The portals will have different content, different colors, a few
differences on available searches, slightly different navigation -
nothing that can't be handeld with different config files or database
entries and some decisions what components should be used.
They will be accessed through different domains and will (as long as
possible) be completely stateless. Currently we have one machine,
later we will have perhaps (I hope so) more.
I have no problem with deploying the same application xx times on the
same server if this is possible without much trouble (never tried that).
For short: it would be enough for me to have one application deployed
as "app1", "app2", "app3", ... with either different config files and/
or a commandline argument telling the app what to display.
I like the idea of changing some things once, deploy the app, rename
(duplicate the bundle or whatever) and start the instances with
different parameters. I can store every information I need in the db
or in external config files, all no problem, I have full control
currently as I'm just switching the first of the portals to a
stateless app rewriting it more or less completely.

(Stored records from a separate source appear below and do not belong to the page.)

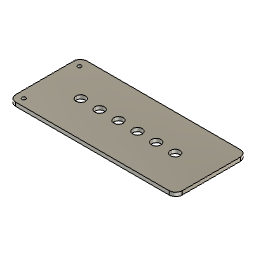
JM_pickup_v2 (Autodesk Fusion 360 design; units mm, degrees)
Autodesk Fusion 360 part; units mm, degrees
sketch "スケッチ1" plane through (0, 0, 0) normal (0, 0, 1) x (1, 0, 0)
  line L0 (3.5, 0) -> (86.5, 0)
  line L1 (90, 3.5) -> (90, 35)
  line L2 (86.5, 38.5) -> (3.5, 38.5)
  line L3 (0, 35) -> (0, 3.5)
  line L4 (0, 19.25) -> (90, 19.25)
  arc A0 (3.5, 38.5) -> (0, 35) centre (3.5, 35) ccw
  arc A1 (90, 35) -> (86.5, 38.5) centre (86.5, 35) ccw
  arc A2 (86.5, 0) -> (90, 3.5) centre (86.5, 3.5) ccw
  arc A3 (0, 3.5) -> (3.5, 0) centre (3.5, 3.5) ccw
  point P0 (90, 0)
  point P1 (0, 38.5)
  dimension "d1" = 90
  dimension "d2" = 38.5
  dimension "d3" = 3.5
  constraint horizontal L0
  constraint vertical L1
  constraint horizontal L2
  constraint vertical L3
  constraint coincident L3 L4.start
  constraint coincident P1 L2
  constraint coincident P1 L3
  constraint tangent L2 A0
  constraint tangent L3 A0
  constraint coincident L1 L4.end
  constraint tangent L1 A1
  constraint tangent L2 A1
  constraint equal A0 A1
  constraint coincident P0 L0
  constraint coincident P0 L1
  constraint tangent L0 A2
  constraint tangent L1 A2
  constraint equal A0 A2
  constraint coincident origin L0
  constraint coincident origin L3
  constraint tangent L0 A3
  constraint tangent L3 A3
  constraint equal A0 A3
  measures "d1" distance of origin P0
  measures "d2" distance of origin P1
  measures "d3" radius of A0
extrude "押し出し1" add sketch "スケッチ1" along normal blind 2
sketch "スケッチ2" plane through (0, 0, 2) normal (0, 0, 1) x (-1, 0, 0)
  arc A0 (0, -3.5) -> (-3.5, 0) centre (-3.5, -3.5) ccw
  line L0 (-3.5, 0) -> (-86.5, 0)
  arc A1 (-86.5, 0) -> (-90, -3.5) centre (-86.5, -3.5) ccw
  line L1 (-90, -3.5) -> (-90, -35)
  arc A2 (-90, -35) -> (-86.5, -38.5) centre (-86.5, -35) ccw
  line L2 (-86.5, -38.5) -> (-3.5, -38.5)
  arc A3 (-3.5, -38.5) -> (0, -35) centre (-3.5, -35) ccw
  line L3 (0, -35) -> (0, -3.5)
  line L4 (-45, -38.5) -> (-45, 0)
  line L5 (0, -19.25) -> (-90, -19.25)
  line L6 (-45, -19.25) -> (-50.1, -19.25)
  line L7 (-50.1, -19.25) -> (-60.3, -19.25)
  line L8 (-60.3, -19.25) -> (-70.5, -19.25)
  point P0 (-50.1, -19.25)
  point P1 (-60.3, -19.25)
  point P2 (-70.5, -19.25)
  point P3 (-39.9, -19.25)
  point P4 (-29.7, -19.25)
  point P5 (-19.5, -19.25)
  dimension "d6" = 5.1
  dimension "d7" = 10.2
  dimension "d8" = 10.2
  constraint midpoint L2 L4.start
  constraint midpoint L0 L4.end
  constraint midpoint L3 L5.start
  constraint midpoint L1 L5.end
  constraint midpoint L4 L6.start
  constraint perpendicular L4 L6
  constraint coincident P0 L6.end
  constraint parallel L5 L7
  constraint coincident P1 L7.end
  constraint coincident L5 P2
  constraint coincident P2 L8.end
  constraint symmetric L4 P0 P3
  constraint symmetric L4 P1 P4
  constraint symmetric L4 P2 P5
  measures "d6" distance of L6.start P0
  measures "d7" distance of P0 P1
  measures "d8" distance of P1 P2
hole "穴1" at (19.5, 19.25, 2) at (29.7, 19.25, 2) at (39.9, 19.25, 2) at (50.1, 19.25, 2) at (60.3, 19.25, 2) at (70.5, 19.25, 2) direction (0, 0, -1) diameter 5.1 depth 2 tip angle 180
sketch "スケッチ3" plane through (0, 0, 2) normal (0, 0, 1) x (-1, 0, 0)
  circle A0 centre (-60.3, -19.25) radius 2.55
  circle A1 centre (-39.9, -19.25) radius 2.55
  circle A2 centre (-19.5, -19.25) radius 2.55
  circle A3 centre (-29.7, -19.25) radius 2.55
  circle A4 centre (-50.1, -19.25) radius 2.55
  circle A5 centre (-70.5, -19.25) radius 2.55
  arc A6 (0, -3.5) -> (-3.5, 0) centre (-3.5, -3.5) ccw
  line L0 (-3.5, 0) -> (-86.5, 0)
  arc A7 (-86.5, 0) -> (-90, -3.5) centre (-86.5, -3.5) ccw
  line L1 (-90, -3.5) -> (-90, -35)
  arc A8 (-90, -35) -> (-86.5, -38.5) centre (-86.5, -35) ccw
  line L2 (-86.5, -38.5) -> (-3.5, -38.5)
  arc A9 (-3.5, -38.5) -> (0, -35) centre (-3.5, -35) ccw
  line L3 (0, -35) -> (0, -3.5)
  line L4 (-4, -4) -> (-4, -34)
  constraint perpendicular L0 L4
hole "穴2" at (4, 4, 2) at (4, 34, 2) direction (0, 0, -1) diameter 2 depth 2 tip angle 180
sketch "スケッチ5" plane through (0, 0, 0) normal (0, 0, 1) x (1, 0, 0)
sketch "スケッチ6" plane through (0, 0, 0) normal (0, 0, 1) x (1, 0, 0)

Will you have one server to host all domains or merely deploy the
same code to different servers each responsible for one domain.
With the latter setup I would note all that differentiates the
environments in property files differing on each machine.
This is not what I prefer because it's just unnecessary expensive. We
don't have that much traffic and the Mac mini would be the only
affordable plattform to go this way ... :-)
1. A single WOTask managing several sets of instances of the same
application code base. YOu declare several applications in
JavaMonitor and have them point to the same installed application
bundle. Customization of the application is made at startup based
on a command line argument. This may well be the application name.
Using Apache virtual hosts you could rewrite / to point to
applications URLs differing for each host.
If this works, it would be great. I think I will test exactly this.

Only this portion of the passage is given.